Hello fellow c/privacy members.
I’m not new to privacy related things but I had a hard time persuading my family members and friends to switch to Matrix/Element. It is a reponse to UK’s Online Security Bill and Investigative Powers Act that may soon in effect.
While it is just a preperation and planning in case those actually became law, I already face resistance from them. When I ask them would they switch, their first reaction is “Why one more app?” then follows with “That’s cumbersome.” or “I don’t want to learn a new app.” and suggest something more popular like Line, Telegram or Discord. Sometimes they would “Install WhatsApp because X is on there and he/she won’t install one more app just for you.”
What can I do to persuade them to use a new platform? Thanks in advance.
EDIT: I think I should elebroate more of what Online Security Bill and Investigative Powers Act does[1]. As far as I understand, OSB will break E2EE by require scanning data on client device, like CSAM but much more generic. IPA requires companies to submit security funcition to the government for approval before releasing, and disable such feature upon request. Apple[2], Single[3] and WhatsApp made the announancment of exiting the UK market totally or partically if two were signed into law.
[1] https://web.archive.org/web/thenextweb.com/news/uk-investigatory-powers-act-default-surveillance-devices-privacy
[2] https://web.archive.org/web/www.forbes.com/sites/emmawoollacott/2023/07/21/apple-threatens-to-pull-facetime-and-imessage-from-the-uk
[3] https://web.archive.org/web/20230809125823/https://www.bbc.co.uk/news/technology-65301510#2023-08-09T12:57:48+00:00
Yeah, what’s with that?
It is always a pain in the ass trying to explain that, but it never seems to get fixed
The biggest issue with matrix is that while the protocol is open and servers and clients can be built around it, the element client and synapse server are developed so quickly that nobody else can dream of keeping up. That is its own kind of vendor lock-in.
Yes, but think about how slow development would be if they weren’t so fast. And even this way they are still very slow.
Even if less and less, there are still dealbreaker years-old encryption issues, like that if someone joins an encrypted room, they won’t get the keys for the old messages even if history visibility is on the most permissive setting.
Actually this is for security reasons, and as I understand encryption would be worthless the other way, as a server admin could add an account to the room which would get all the keys otherwise.
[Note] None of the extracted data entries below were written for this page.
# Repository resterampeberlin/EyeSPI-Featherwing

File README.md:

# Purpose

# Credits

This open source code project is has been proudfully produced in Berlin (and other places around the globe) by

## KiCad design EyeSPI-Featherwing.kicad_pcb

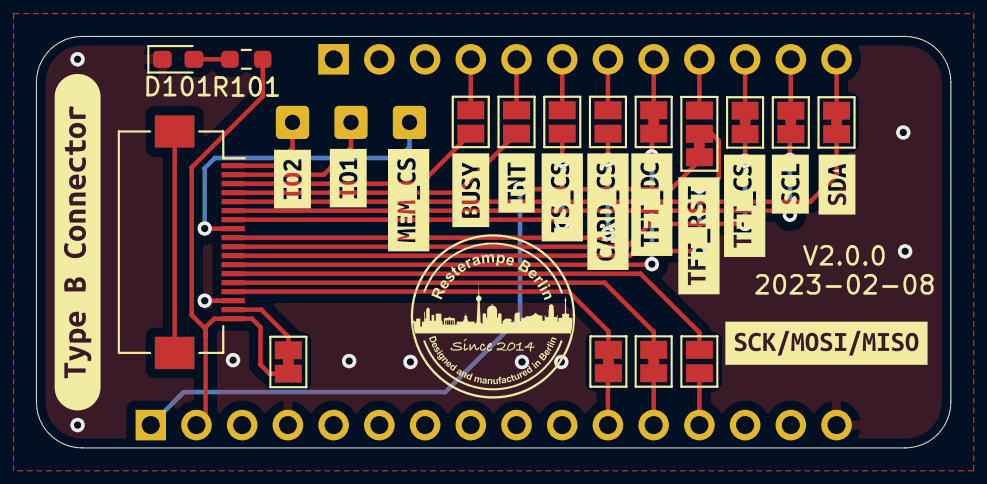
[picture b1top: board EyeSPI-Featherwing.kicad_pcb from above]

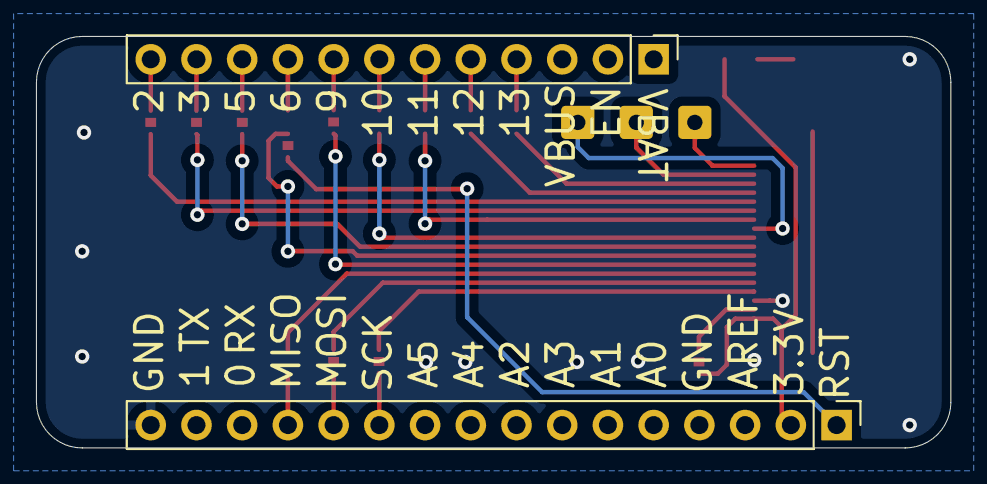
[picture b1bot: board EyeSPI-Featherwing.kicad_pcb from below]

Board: 2 copper layers, 50.8 x 22.9 mm, 35 parts (2 on the bottom side), 32 nets.

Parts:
D101: LED; LED_0603_1608Metric_Pad1.05x0.95mm_HandSolder
J101: Conn_01x16; PinHeader_1x16_P2.54mm_Vertical
J102: Conn_01x12; PinHeader_1x12_P2.54mm_Vertical
J106: EYE_SPI_DISPLAY_TYPE_B; Hirose_FH12-18S-0.5SH_1x18-1MP_P0.50mm_Horizontal
J107, J108, J109: Conn_01x01; SolderWire-0.25sqmm_1x01_D0.65mm_OD1.7mm
JP101, JP102, JP104, JP105, JP107, JP108, JP109: SolderJumper_2_Bridged; SolderJumper-2_P1.3mm_Bridged_Pad1.0x1.5mm
JP103, JP106, JP111, JP112, JP113: SolderJumper_2_Open; SolderJumper-2_P1.3mm_Open_Pad1.0x1.5mm
JP110: SolderJumper_3_Bridged12; SolderJumper-3_P1.3mm_Bridged12_Pad1.0x1.5mm_NumberLabels
R101: 1K; R_0603_1608Metric_Pad0.98x0.95mm_HandSolder
kibuzzard-63C5DCBF: G***; kibuzzard-63C5DCBF
kibuzzard-63C5DCD9: G***; kibuzzard-63C5DCD9
kibuzzard-63C5DCE3: G***; kibuzzard-63C5DCE3
kibuzzard-63C5DCEE: G***; kibuzzard-63C5DCEE
kibuzzard-63C5DCF9: G***; kibuzzard-63C5DCF9
kibuzzard-63C5DD0E: G***; kibuzzard-63C5DD0E
kibuzzard-63C5DD7B: G***; kibuzzard-63C5DD7B
kibuzzard-63C5DD9E: G***; kibuzzard-63C5DD9E
kibuzzard-63C5DD88: G***; kibuzzard-63C5DD88
kibuzzard-63C5DD93: G***; kibuzzard-63C5DD93
kibuzzard-63C5DDAE: G***; kibuzzard-63C5DDAE
kibuzzard-63C5DDB7: G***; kibuzzard-63C5DDB7
kibuzzard-63C5DE01: G***; kibuzzard-63C5DE01
kibuzzard-63E91F4E: G***; kibuzzard-63E91F4E

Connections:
+3V3: J101.2, J106.18 (VCC), JP102.2 (B), R101.1
/5: J102.10, JP105.2 (B)
/6: J102.9, JP110.3 (B)
/9: J102.8, JP108.2 (B)
/10: J102.7, JP112.2 (B)
/11: J102.6, JP103.2 (B)
/12: J102.5, JP106.2 (B)
/13: J102.4, JP113.2 (B)
/BUSY: J106.3 (BUSY/TE), JP113.1 (A)
/EYESPI_MISO: J106.13 (MISO), JP111.1 (A)
/EYESPI_MOSI: J106.14 (MOSI), JP109.1 (A)
/EYESPI_SCK: J106.15 (SCK), JP107.1 (A)
/EYESPI_SCL: J106.6 (SCL), JP104.1 (A)
/EYESPI_SDA: J106.5 (SDA), JP101.1 (A)
/GPIO1: J106.2 (GPIO1), J107.1
/GPIO2: J106.1 (GPIO2), J108.1
/INT: J106.4 (INT), JP106.1 (A)
/LITE: J106.17 (BL), JP102.1 (A)
/MISO: J101.13, JP111.2 (B)
/MOSI: J101.12, JP109.2 (B)
/SCK: J101.11, JP107.2 (B)
/SCL: J102.11, JP104.2 (B)
/SDA: J102.12, JP101.2 (B)
/TFT_DC: J106.12 (DC), JP108.1 (A)
/~CARD_CS: J106.9 (~SD_CS), JP112.1 (A)
/~MEM_CS: J106.8 (~MEM_CS), J109.1
/~RST: J101.1, JP110.1 (A)
/~TFT_CS: J106.10 (~DISP_CS), JP105.1 (A)
/~TFT_RST: J106.11 (~RESET), JP110.2 (C)
/~TS_CS: J106.7 (~TS_CS), JP103.1 (A)
GND: D101.1 (K), J101.4, J101.16, J106.16 (GND)
unnamed: D101.2 (A), R101.2

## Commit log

2023-01-17 Initial version
2023-01-21 Production
2023-01-21 Documentation updated
2023-02-09 Closed #1

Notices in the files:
EyeSPI-Featherwing.kicad_pcb:
https://creativecommons.org/licenses/by-nc/4.0
License CC BY-NC 4.0
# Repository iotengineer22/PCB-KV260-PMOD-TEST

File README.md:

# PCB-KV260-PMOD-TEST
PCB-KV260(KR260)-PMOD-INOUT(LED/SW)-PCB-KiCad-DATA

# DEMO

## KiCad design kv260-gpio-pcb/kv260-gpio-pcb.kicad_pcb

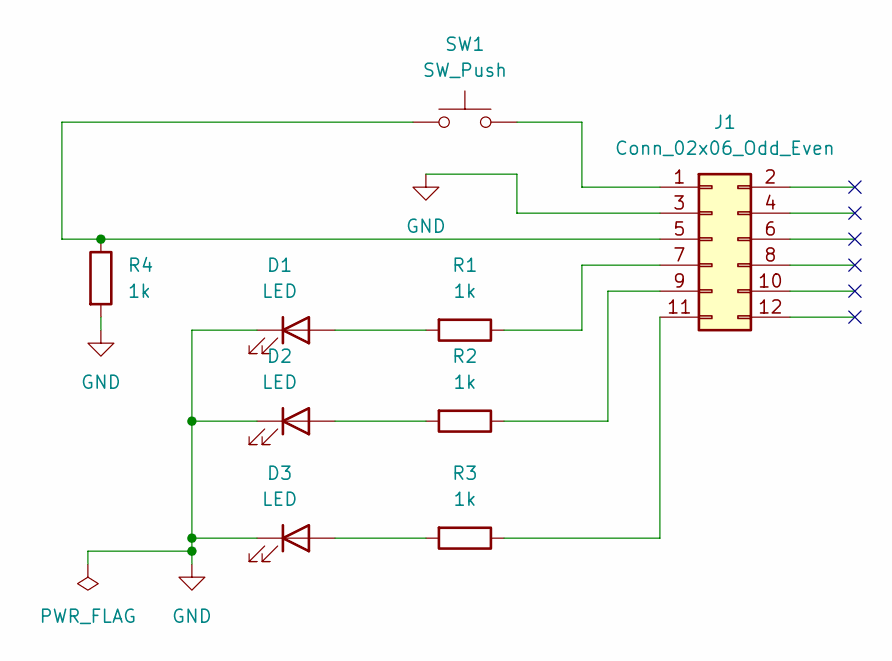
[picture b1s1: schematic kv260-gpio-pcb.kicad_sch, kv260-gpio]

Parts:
D1, D2, D3: LED; LED_D3.0mm
J1: Conn_02x06_Odd_Even; PinHeader_2x06_P2.54mm_Horizontal
R1, R2, R3, R4: 1k; R_Axial_DIN0207_L6.3mm_D2.5mm_P10.16mm_Horizontal
SW1: SW_Push; SW_PUSH_6mm_H4.3mm

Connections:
GND: D1.1 (K), D2.1 (K), D3.1 (K), J1.3, R4.2
unnamed: D1.2 (A), R1.2
unnamed: D2.2 (A), R2.2
unnamed: D3.2 (A), R3.2
unnamed: J1.1, SW1.1
unnamed: J1.5, R4.1, SW1.2
unnamed: J1.7, R1.1
unnamed: J1.9, R2.1
unnamed: J1.11, R3.1

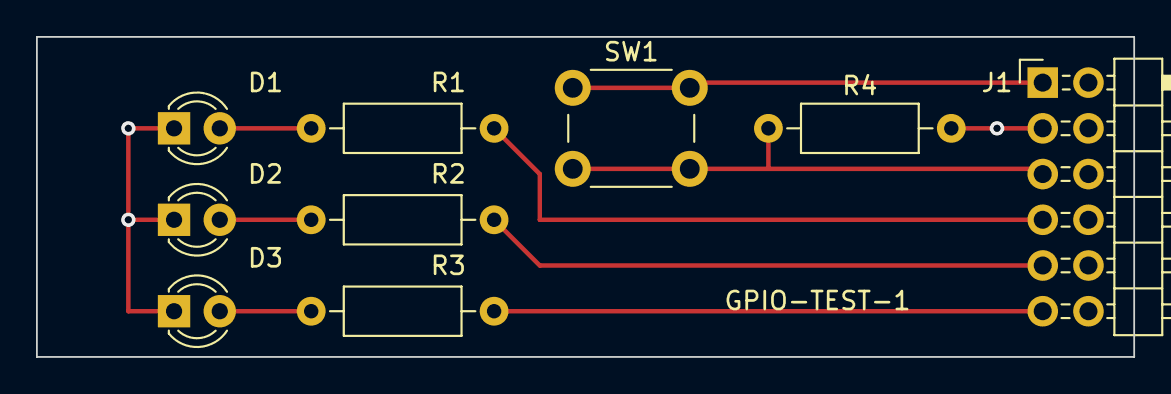
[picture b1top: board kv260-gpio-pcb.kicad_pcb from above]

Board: 2 copper layers, 61.0 x 17.8 mm, 9 parts (0 on the bottom side), 9 nets.

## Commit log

2024-02-11 Add files via upload
    files_input
2024-02-11 Update README.md
    readme-update

A workaround to this (it was standardised recently) is that if you invite them from an element client (their client also needs support for this I think, as they have to use it at least for the initial join), your client will send them all the keys it knows, but I’m not sure if it will make only your past messages visible or all of those that you can see (at the point of invitation, so maybe it’s best to scroll back to the beginning of what you see for it to work best). They are also working on a real solution (they refer to it as the end of the linked proposal), I have seen work on that even this year, but they are working on so much things at the same time that it feels to me they’re getting nowhere.
I often feel that even though alt impls can’t keep up, the organization is still starved for human resources. They need to do a whole lot of things at the same time, and of course that’s not possible, because everyone can work on only so few things at a time.
They were often even bashed for serious mistakes and overlookings resulting from this (like the hackea writup), but it seems entirely plausible to me that in the past because of this lack of resources they just weren’t able to do things properly, and they have problems with admitting that with words even to themselves.
Wow. Thanks for such a fantastic explanation.